PROBLEM DETAILS: Locate the line that contains "A CAD part, left-side" in the entries below, then repeat it and every following line through the line that contains "#892 = VERTEX_POINT ( 'NONE', #26301 ) ;", exactly, and no others.

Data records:
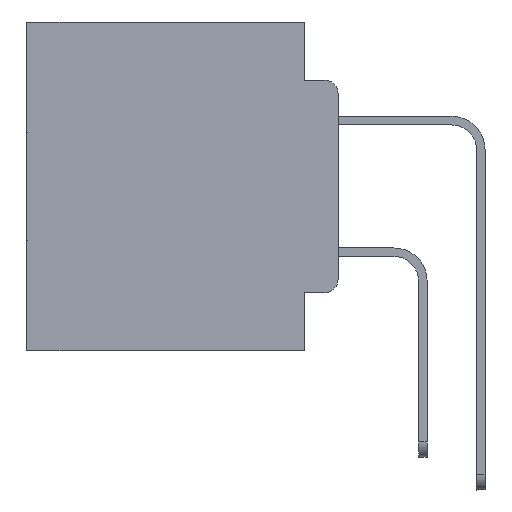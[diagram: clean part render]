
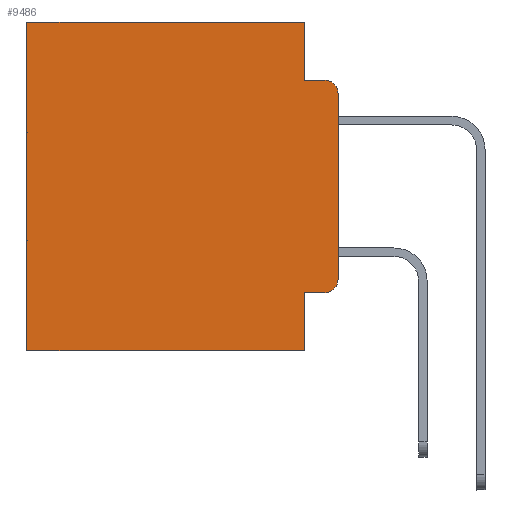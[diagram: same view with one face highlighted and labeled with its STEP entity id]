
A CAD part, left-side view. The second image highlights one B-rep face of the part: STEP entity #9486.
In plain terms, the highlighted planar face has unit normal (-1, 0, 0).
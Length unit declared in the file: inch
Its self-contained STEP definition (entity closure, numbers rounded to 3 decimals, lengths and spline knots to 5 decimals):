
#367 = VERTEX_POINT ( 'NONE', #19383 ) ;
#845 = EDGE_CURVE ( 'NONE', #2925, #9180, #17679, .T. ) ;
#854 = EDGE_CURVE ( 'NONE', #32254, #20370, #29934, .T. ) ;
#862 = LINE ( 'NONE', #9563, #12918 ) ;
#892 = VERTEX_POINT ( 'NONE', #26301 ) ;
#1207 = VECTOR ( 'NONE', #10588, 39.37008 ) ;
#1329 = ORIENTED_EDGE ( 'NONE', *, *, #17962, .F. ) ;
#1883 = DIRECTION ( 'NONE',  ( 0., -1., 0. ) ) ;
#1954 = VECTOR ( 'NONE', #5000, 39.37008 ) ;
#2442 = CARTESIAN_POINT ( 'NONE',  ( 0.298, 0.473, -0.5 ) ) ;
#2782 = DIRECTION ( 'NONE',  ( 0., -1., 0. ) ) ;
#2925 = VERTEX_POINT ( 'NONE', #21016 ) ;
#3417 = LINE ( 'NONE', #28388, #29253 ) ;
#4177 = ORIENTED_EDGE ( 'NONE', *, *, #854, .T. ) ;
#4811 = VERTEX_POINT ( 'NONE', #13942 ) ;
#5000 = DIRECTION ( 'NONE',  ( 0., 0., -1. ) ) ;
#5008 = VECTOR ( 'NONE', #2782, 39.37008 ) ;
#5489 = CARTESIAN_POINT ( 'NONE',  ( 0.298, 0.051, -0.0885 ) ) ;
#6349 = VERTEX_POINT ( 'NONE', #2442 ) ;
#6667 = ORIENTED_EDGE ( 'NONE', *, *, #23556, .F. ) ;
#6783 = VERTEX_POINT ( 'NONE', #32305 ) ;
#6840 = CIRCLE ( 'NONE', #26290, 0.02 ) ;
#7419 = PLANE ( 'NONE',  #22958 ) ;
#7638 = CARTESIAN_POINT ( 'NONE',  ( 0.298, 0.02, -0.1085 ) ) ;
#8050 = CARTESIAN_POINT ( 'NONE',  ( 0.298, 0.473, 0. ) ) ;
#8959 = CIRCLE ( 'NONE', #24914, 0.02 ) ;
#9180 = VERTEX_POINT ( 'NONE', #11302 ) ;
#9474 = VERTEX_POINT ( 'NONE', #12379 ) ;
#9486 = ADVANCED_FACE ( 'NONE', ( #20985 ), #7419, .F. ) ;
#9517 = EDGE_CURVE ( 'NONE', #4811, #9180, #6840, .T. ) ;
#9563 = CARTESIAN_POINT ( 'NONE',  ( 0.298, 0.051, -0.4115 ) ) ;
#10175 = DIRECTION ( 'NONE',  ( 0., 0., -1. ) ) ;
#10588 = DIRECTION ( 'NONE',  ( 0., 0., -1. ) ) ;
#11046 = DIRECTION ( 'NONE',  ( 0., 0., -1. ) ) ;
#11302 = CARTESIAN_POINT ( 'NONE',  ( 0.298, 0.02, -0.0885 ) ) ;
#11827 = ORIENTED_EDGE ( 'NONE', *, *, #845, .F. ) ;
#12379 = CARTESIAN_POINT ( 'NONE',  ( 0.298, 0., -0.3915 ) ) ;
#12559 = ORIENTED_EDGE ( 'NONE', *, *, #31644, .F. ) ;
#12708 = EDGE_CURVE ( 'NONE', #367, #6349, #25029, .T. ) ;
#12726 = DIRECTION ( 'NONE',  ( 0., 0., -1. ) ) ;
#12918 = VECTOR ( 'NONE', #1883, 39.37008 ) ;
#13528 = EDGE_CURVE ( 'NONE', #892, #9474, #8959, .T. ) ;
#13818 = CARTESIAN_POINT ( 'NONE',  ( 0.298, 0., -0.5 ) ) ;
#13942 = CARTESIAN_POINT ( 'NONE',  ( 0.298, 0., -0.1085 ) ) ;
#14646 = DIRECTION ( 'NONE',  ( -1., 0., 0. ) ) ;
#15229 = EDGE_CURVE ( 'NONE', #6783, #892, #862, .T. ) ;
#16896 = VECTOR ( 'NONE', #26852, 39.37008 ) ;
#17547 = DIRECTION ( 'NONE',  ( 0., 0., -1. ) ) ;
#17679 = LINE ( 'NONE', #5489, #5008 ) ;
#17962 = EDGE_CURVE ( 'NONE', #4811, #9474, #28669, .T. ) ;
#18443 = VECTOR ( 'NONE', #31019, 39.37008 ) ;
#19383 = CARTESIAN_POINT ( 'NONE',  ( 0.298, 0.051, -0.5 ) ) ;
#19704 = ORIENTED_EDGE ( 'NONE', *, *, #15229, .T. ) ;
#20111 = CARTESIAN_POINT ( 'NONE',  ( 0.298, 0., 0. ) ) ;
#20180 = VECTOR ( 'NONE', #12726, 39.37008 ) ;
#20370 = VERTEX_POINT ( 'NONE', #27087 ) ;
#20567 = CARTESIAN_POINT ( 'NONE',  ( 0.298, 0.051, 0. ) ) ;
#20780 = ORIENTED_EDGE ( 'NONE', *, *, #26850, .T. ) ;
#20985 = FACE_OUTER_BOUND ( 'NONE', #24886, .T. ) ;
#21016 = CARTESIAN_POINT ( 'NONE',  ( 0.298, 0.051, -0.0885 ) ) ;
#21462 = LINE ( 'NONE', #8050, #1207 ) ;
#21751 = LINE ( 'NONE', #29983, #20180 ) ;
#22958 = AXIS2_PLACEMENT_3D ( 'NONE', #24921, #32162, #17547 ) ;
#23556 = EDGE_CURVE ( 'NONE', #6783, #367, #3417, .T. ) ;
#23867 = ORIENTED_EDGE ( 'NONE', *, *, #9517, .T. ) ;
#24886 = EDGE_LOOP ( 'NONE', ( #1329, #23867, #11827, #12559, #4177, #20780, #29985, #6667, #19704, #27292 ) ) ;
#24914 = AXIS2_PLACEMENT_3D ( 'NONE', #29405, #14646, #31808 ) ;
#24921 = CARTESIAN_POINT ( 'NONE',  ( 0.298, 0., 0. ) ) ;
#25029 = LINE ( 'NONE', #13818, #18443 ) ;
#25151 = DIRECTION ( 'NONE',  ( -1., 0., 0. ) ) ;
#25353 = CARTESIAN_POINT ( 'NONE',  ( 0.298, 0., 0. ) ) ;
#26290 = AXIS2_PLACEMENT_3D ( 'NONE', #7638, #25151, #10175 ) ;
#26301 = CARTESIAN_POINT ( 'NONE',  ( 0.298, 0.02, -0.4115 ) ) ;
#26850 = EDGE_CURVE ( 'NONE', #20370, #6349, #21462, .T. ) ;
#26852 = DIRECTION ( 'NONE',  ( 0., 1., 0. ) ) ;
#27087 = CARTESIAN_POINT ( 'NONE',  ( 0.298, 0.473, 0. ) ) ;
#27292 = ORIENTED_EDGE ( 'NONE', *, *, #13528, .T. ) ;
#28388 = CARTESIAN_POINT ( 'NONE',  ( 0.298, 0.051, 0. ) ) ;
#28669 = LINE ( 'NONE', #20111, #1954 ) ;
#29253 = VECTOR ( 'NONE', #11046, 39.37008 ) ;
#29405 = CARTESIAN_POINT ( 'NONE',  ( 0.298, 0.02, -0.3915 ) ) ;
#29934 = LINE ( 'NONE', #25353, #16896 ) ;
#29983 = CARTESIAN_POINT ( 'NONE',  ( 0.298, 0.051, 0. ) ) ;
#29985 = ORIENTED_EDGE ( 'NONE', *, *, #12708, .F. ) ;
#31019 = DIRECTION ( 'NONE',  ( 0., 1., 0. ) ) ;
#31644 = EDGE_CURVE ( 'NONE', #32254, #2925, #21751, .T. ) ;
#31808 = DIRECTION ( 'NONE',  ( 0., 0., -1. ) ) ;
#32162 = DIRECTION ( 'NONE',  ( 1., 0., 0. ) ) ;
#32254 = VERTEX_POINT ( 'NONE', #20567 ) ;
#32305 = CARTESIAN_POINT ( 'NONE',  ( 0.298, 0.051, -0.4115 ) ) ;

RESULT:
A CAD part, left-side view. The second image highlights one B-rep face of the part: STEP entity #9486.
In plain terms, the highlighted planar face has unit normal (-1, 0, 0).
Length unit declared in the file: inch
Its self-contained STEP definition (entity closure, numbers rounded to 3 decimals, lengths and spline knots to 5 decimals):
#367 = VERTEX_POINT ( 'NONE', #19383 ) ;
#845 = EDGE_CURVE ( 'NONE', #2925, #9180, #17679, .T. ) ;
#854 = EDGE_CURVE ( 'NONE', #32254, #20370, #29934, .T. ) ;
#862 = LINE ( 'NONE', #9563, #12918 ) ;
#892 = VERTEX_POINT ( 'NONE', #26301 ) ;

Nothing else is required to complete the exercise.